Examination and treatment
Patients with visual dysfunction should be referred for ophthalmological assessment of ocular motility, visual acuity and colour vision, as well as perimetry testing to measure their visual field (21). Structural measurements with optical coherence tomography (OCT) have been shown to be very useful in the diagnosis and follow-up of optic neuritis; thinning of the retinal nerve fibre layer indicates axonal damage (22).
Reduced colour vision, which affects many patients with MS – even those without previously diagnosed optic neuritis – is correlated with reduction of the retinal nerve fibre layer (23). Electrophysiological assessment of visual evoked potentials (VEPs) may reveal reduced nerve conduction velocity in patients with a history of optic neuritis. The use of prisms to reduce symptoms may be appropriate in some types of nystagmus or in cases of minor paresis. More severe cases of paresis may be treated with Botox injections or strabismus surgery. Short-term occlusion therapy may be used in cases of diplopia, and certain medications may help with ocular motility disorders (9). Dependent on findings, the patient may be referred for personalised follow-up and training by a specialist in visual pedagogy.
Quality of life
Visual dysfunction means that many patients with MS have a reduced ability to drive, use a computer/mobile phone or watch television. Other common difficulties include problems focusing on moving objects, as well as cloudy vision and ‘tired eyes’. Patients with MS describe significantly reduced quality of life in association with altered visual function (24). This may be because even a minor visual impairment can have a substantial impact on those who already have motor, sensory and/or coordination difficulties.

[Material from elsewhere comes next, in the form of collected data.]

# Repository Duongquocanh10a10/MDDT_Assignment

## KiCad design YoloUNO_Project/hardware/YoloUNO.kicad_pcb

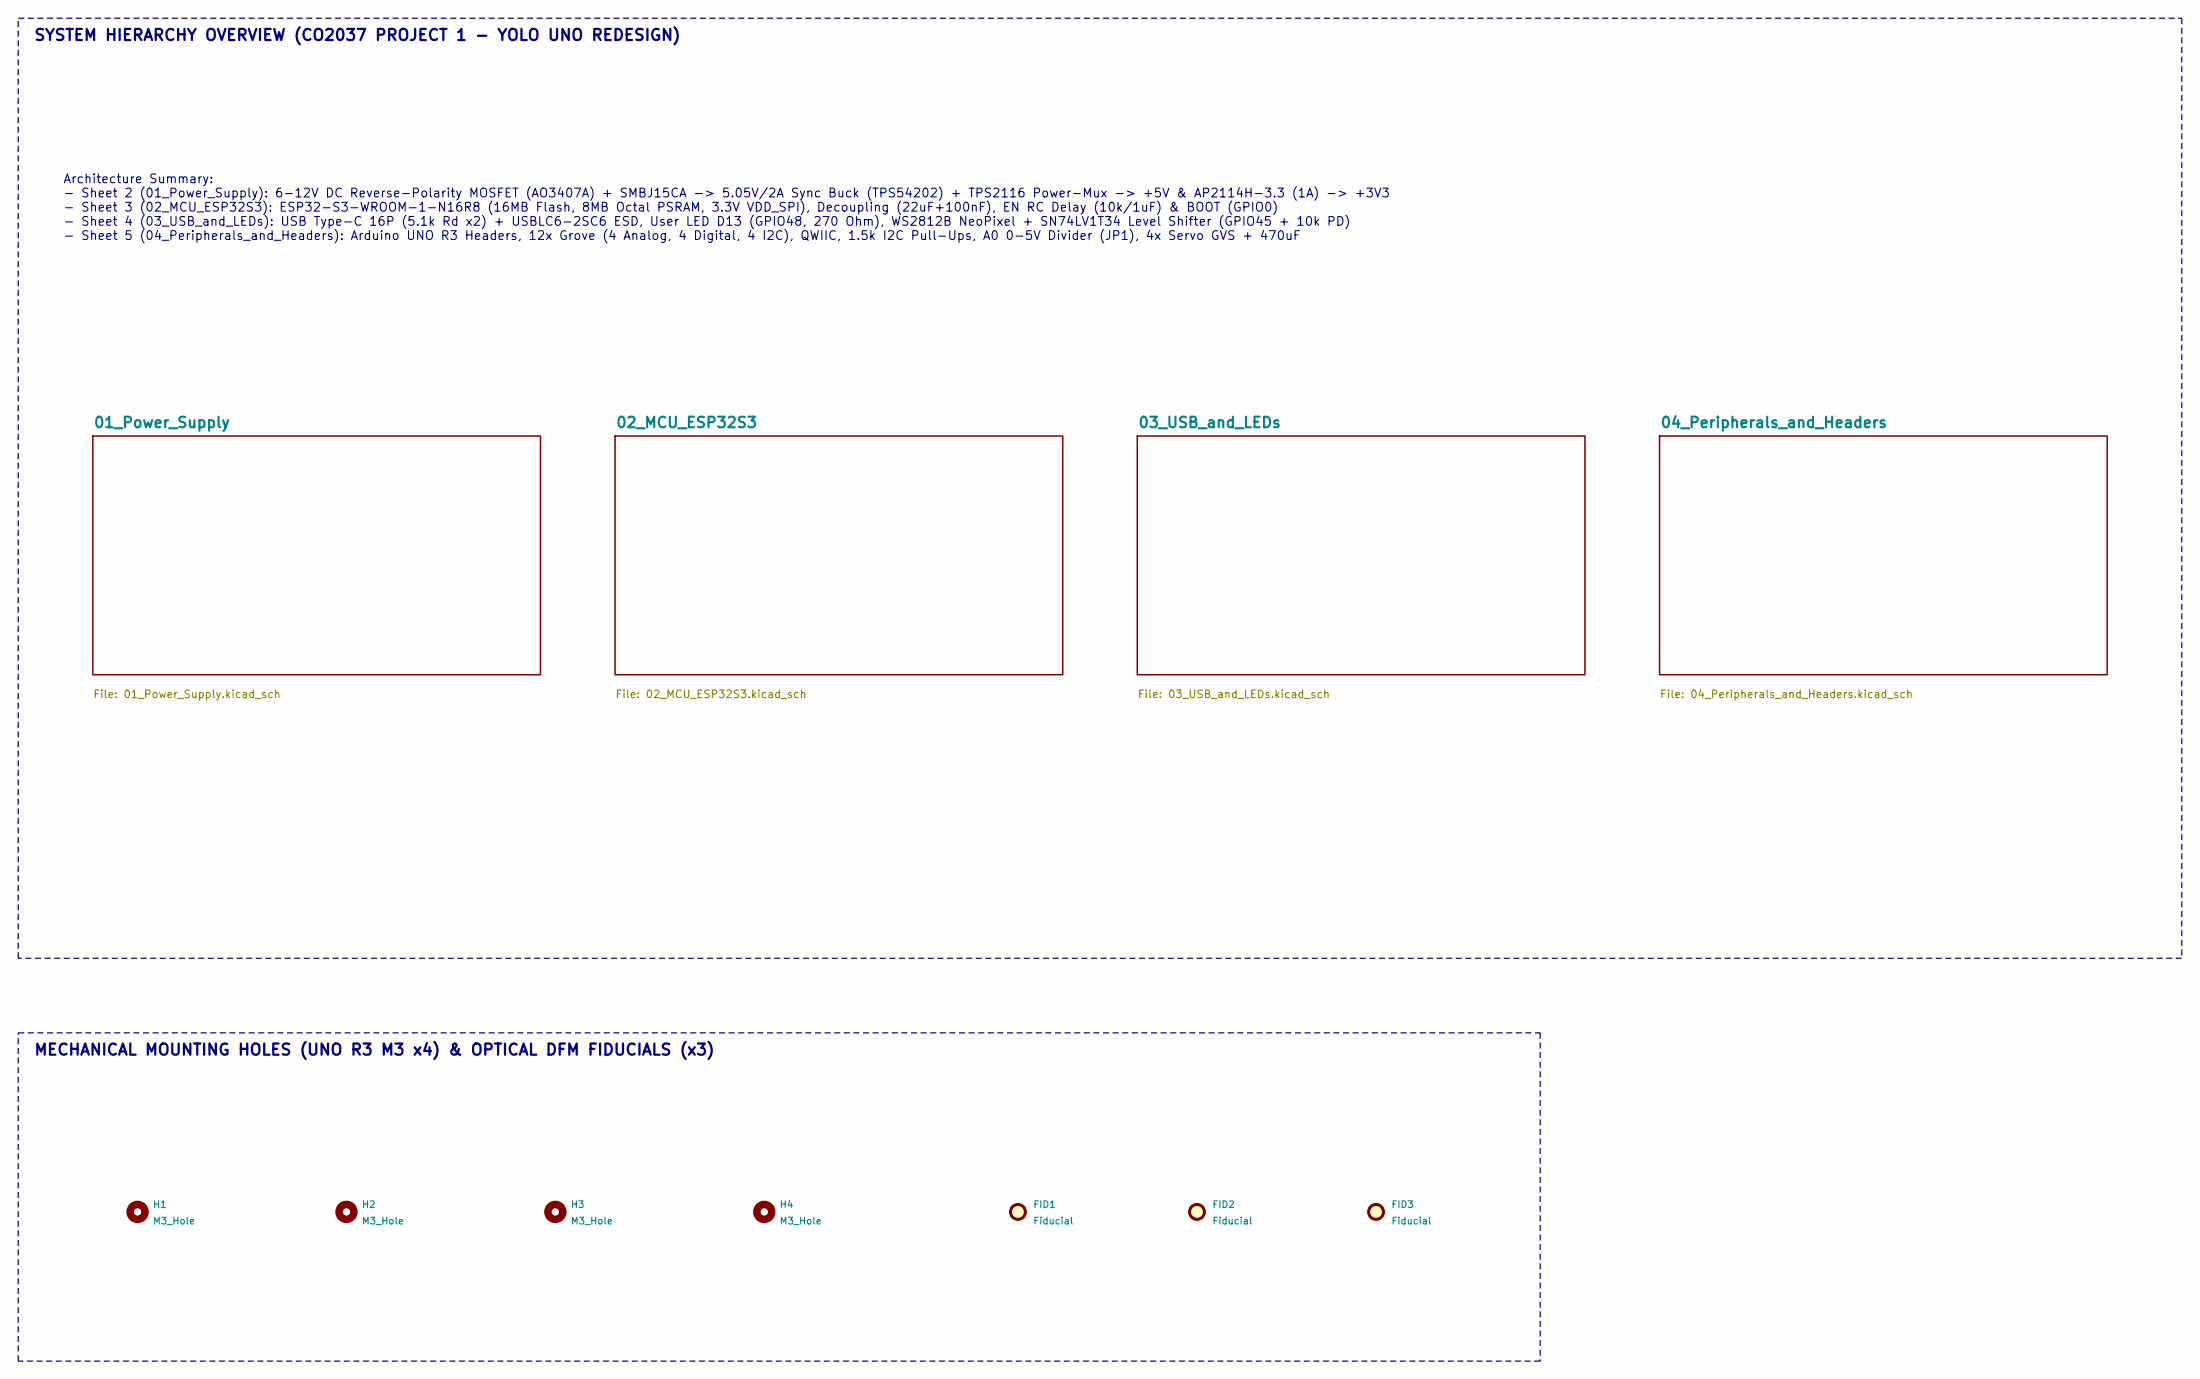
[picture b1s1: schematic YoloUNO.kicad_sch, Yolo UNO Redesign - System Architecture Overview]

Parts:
FID1, FID2, FID3: Fiducial; Fiducial_1mm_Mask2mm; MPN FIDUCIAL_1MM; LCSC N/A
H1, H2, H3, H4: M3_Hole; MountingHole_3.2mm_M3; MPN M3_NPTH_UNO_R3; LCSC N/A

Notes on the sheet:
SYSTEM HIERARCHY OVERVIEW (CO2037 PROJECT 1 - YOLO UNO REDESIGN)
Architecture Summary: - Sheet 2 (01_Power_Supply): 6-12V DC Reverse-Polarity MOSFET (AO3407A) + SMBJ15CA -> 5.05V/2A Sync Buck (TPS54202) + TPS2116 Power-Mux -> +5V & AP2114H-3.3 (1A) -> +3V3 - Sheet 3 (02_MCU_ESP32S3): ESP32-S3-WROOM-1-N16R8 (16MB Flash, 8MB Octal PSRAM, 3.3V VDD_SPI), Decoupling 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
MECHANICAL MOUNTING HOLES (UNO R3 M3 x4) & OPTICAL DFM FIDUCIALS (x3)

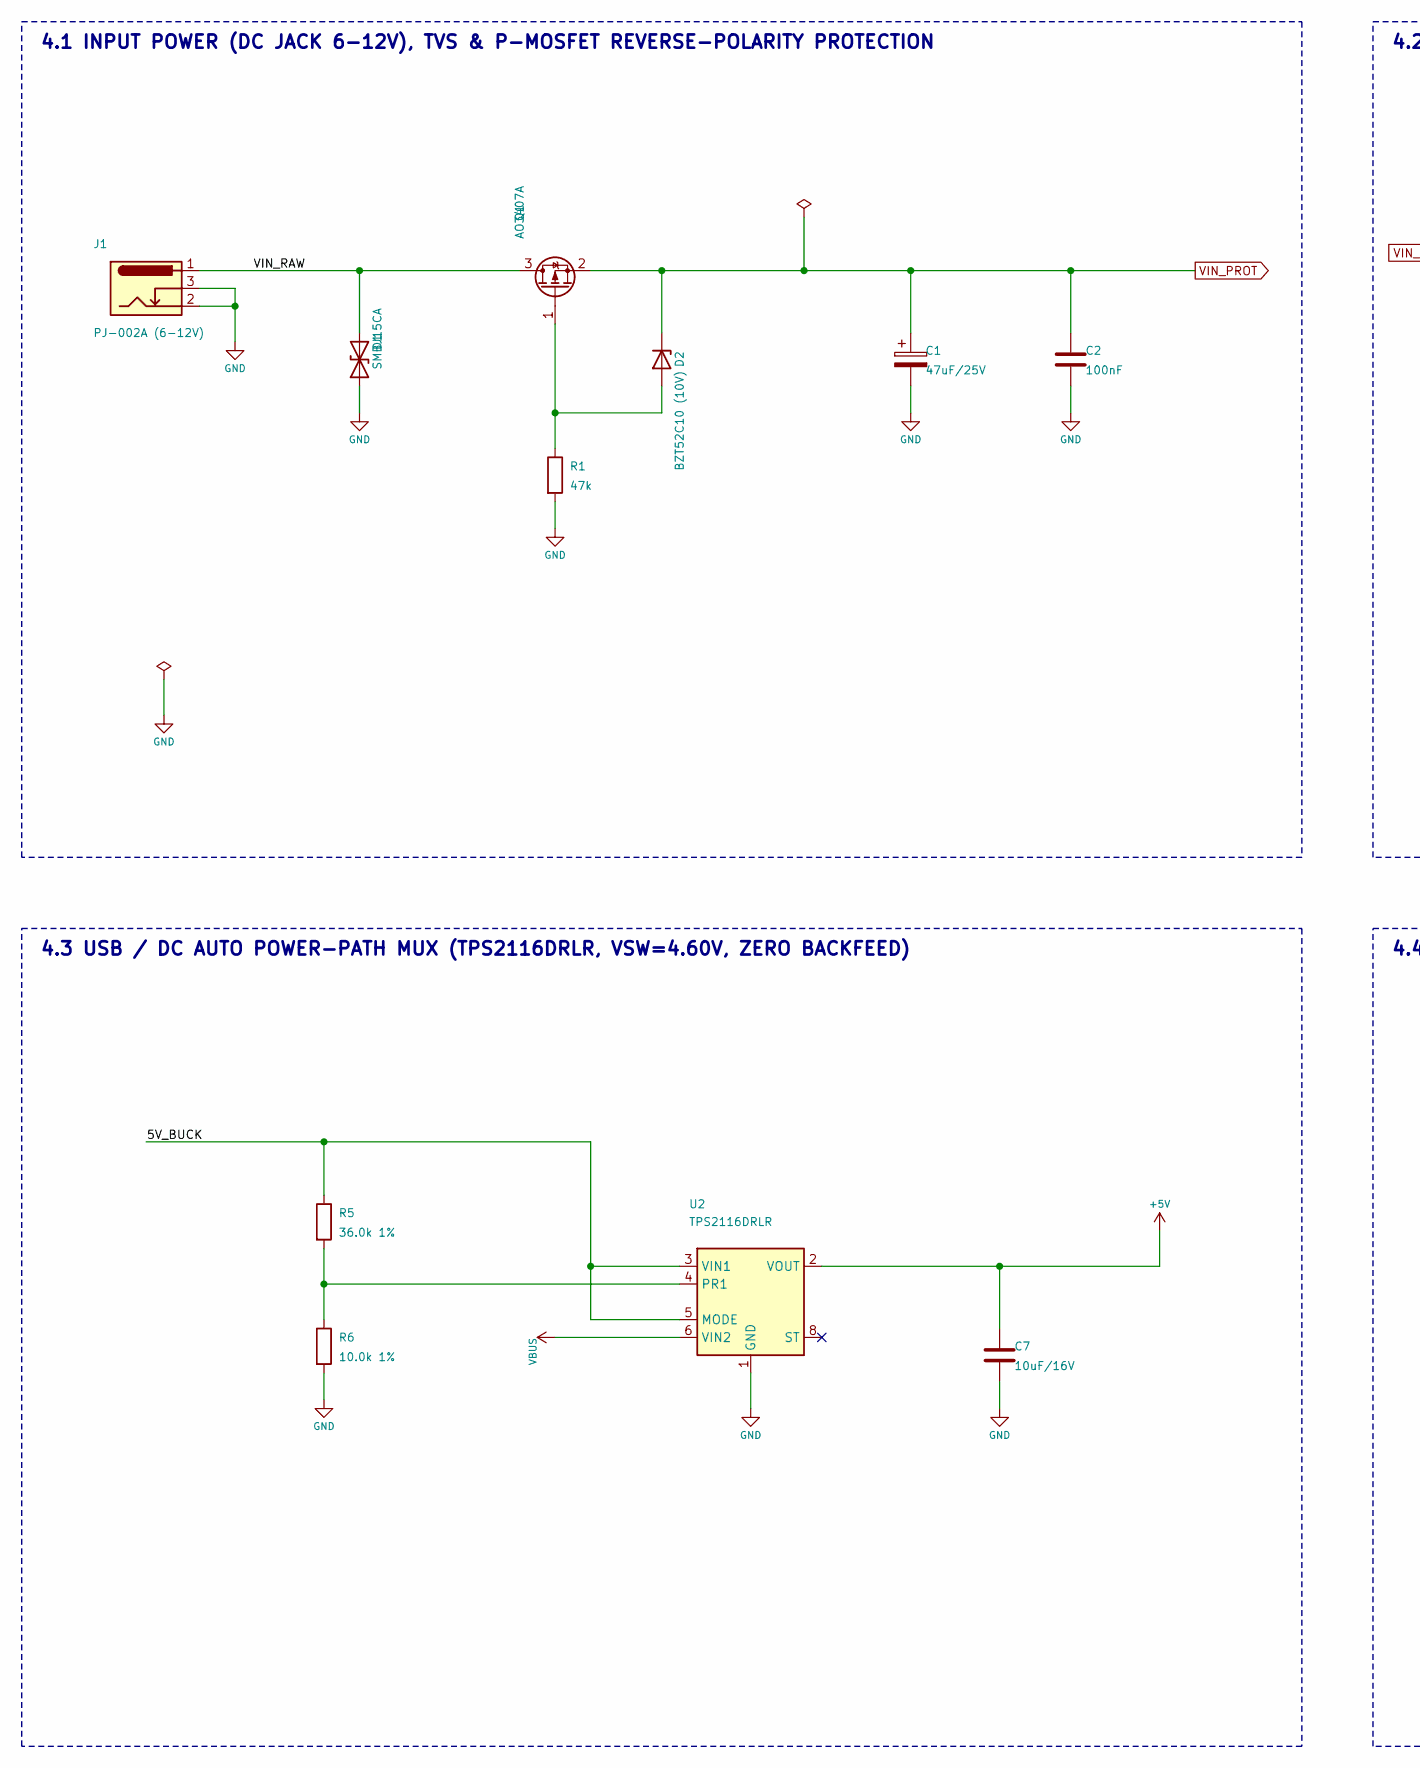
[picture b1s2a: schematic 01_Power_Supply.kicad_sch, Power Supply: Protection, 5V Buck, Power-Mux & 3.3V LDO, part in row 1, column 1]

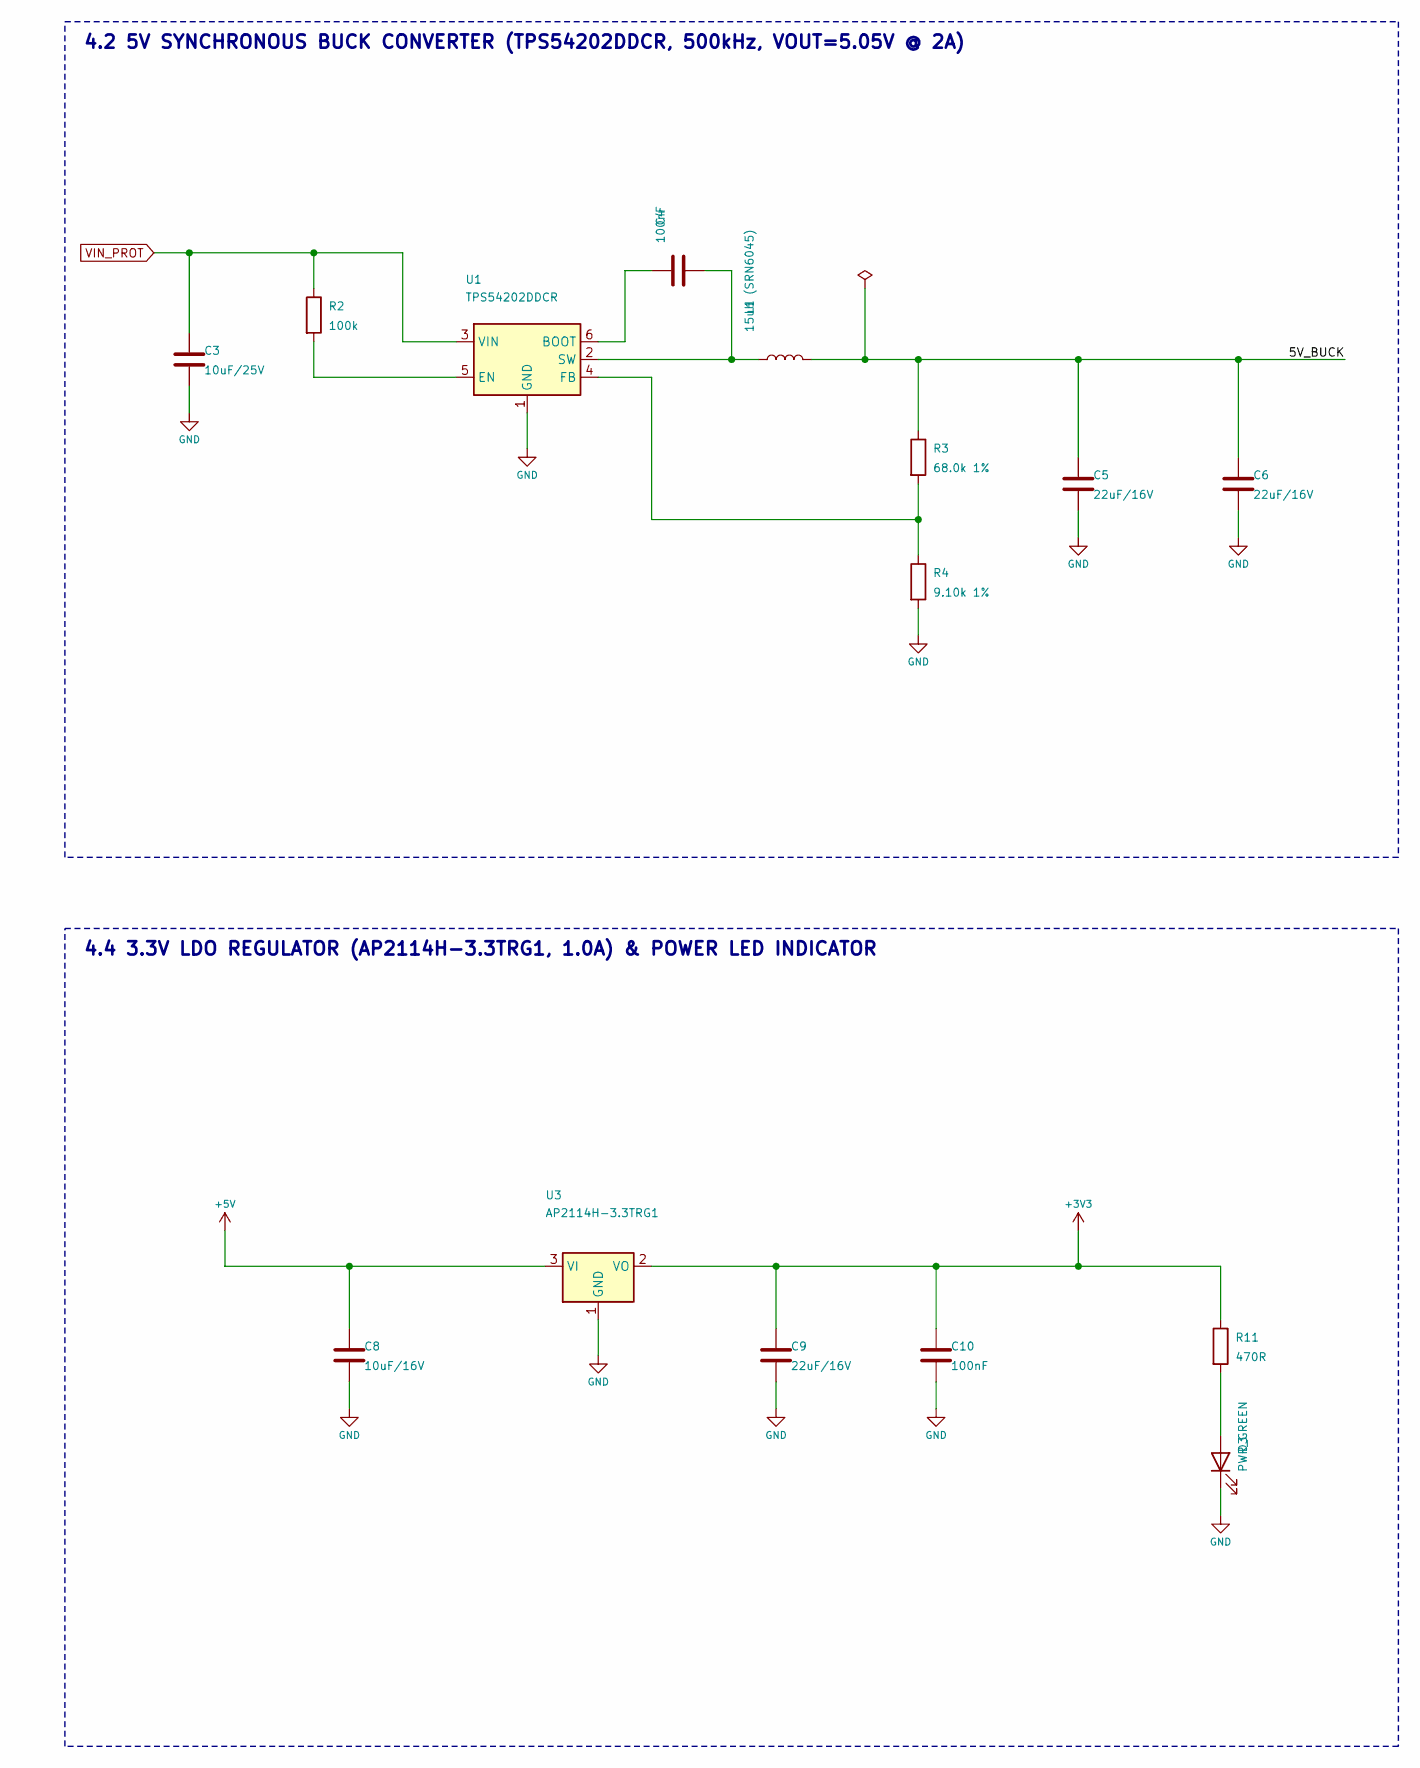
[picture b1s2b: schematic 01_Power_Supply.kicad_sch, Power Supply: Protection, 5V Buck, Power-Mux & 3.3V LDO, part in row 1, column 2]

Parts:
C1: 47uF/25V; CP_Elec_6.3x5.4; MPN EEE-FK1E470P; LCSC C72485
C2, C4, C10: 100nF; C_0603_1608Metric; MPN CL10B104KB8NNNC; LCSC C1591
C3: 10uF/25V; C_0805_2012Metric; MPN GRM21BR61E106KA73L; LCSC C15850
C5, C6, C9: 22uF/16V; C_0805_2012Metric; MPN GRM21BR61C226ME44L; LCSC C45783
C7, C8: 10uF/16V; C_0805_2012Metric; MPN CL21A106KOQNNNE; LCSC C17024
D1: SMBJ15CA; D_SMB; MPN SMBJ15CA; LCSC C123785
D2: BZT52C10 (10V); D_SOD-123; MPN BZT52C10-7-F; LCSC C81598
D3: PWR_GREEN; LED_0603_1608Metric; MPN 19-217/GHC-YR1S2/3T; LCSC C72043
J1: PJ-002A (6-12V); BarrelJack_CUI_PJ-102AH_Horizontal; MPN PJ-002A; LCSC C720477
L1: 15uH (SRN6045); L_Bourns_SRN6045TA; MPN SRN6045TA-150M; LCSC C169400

Visual dysfunction is common in patients with MS. The most common conditions are acute optic neuritis, internuclear ophthalmoplegia, nystagmus and saccadic dysmetria. Many patients with MS describe vision as important for their quality of life, and experience a reduced quality of life because of reduced visual function. The degree of visual impairment can be determined by asking patients with MS specific questions about whether they experience problems with using a mobile phone, computer or TV, with reading or during physical or outdoor activities. Questions about difficulty participating in social activities will identify further patients in need of assistance. Personalised interventions and targeted rehabilitation and assistive technologies have the capacity to improve patients’ quality of life.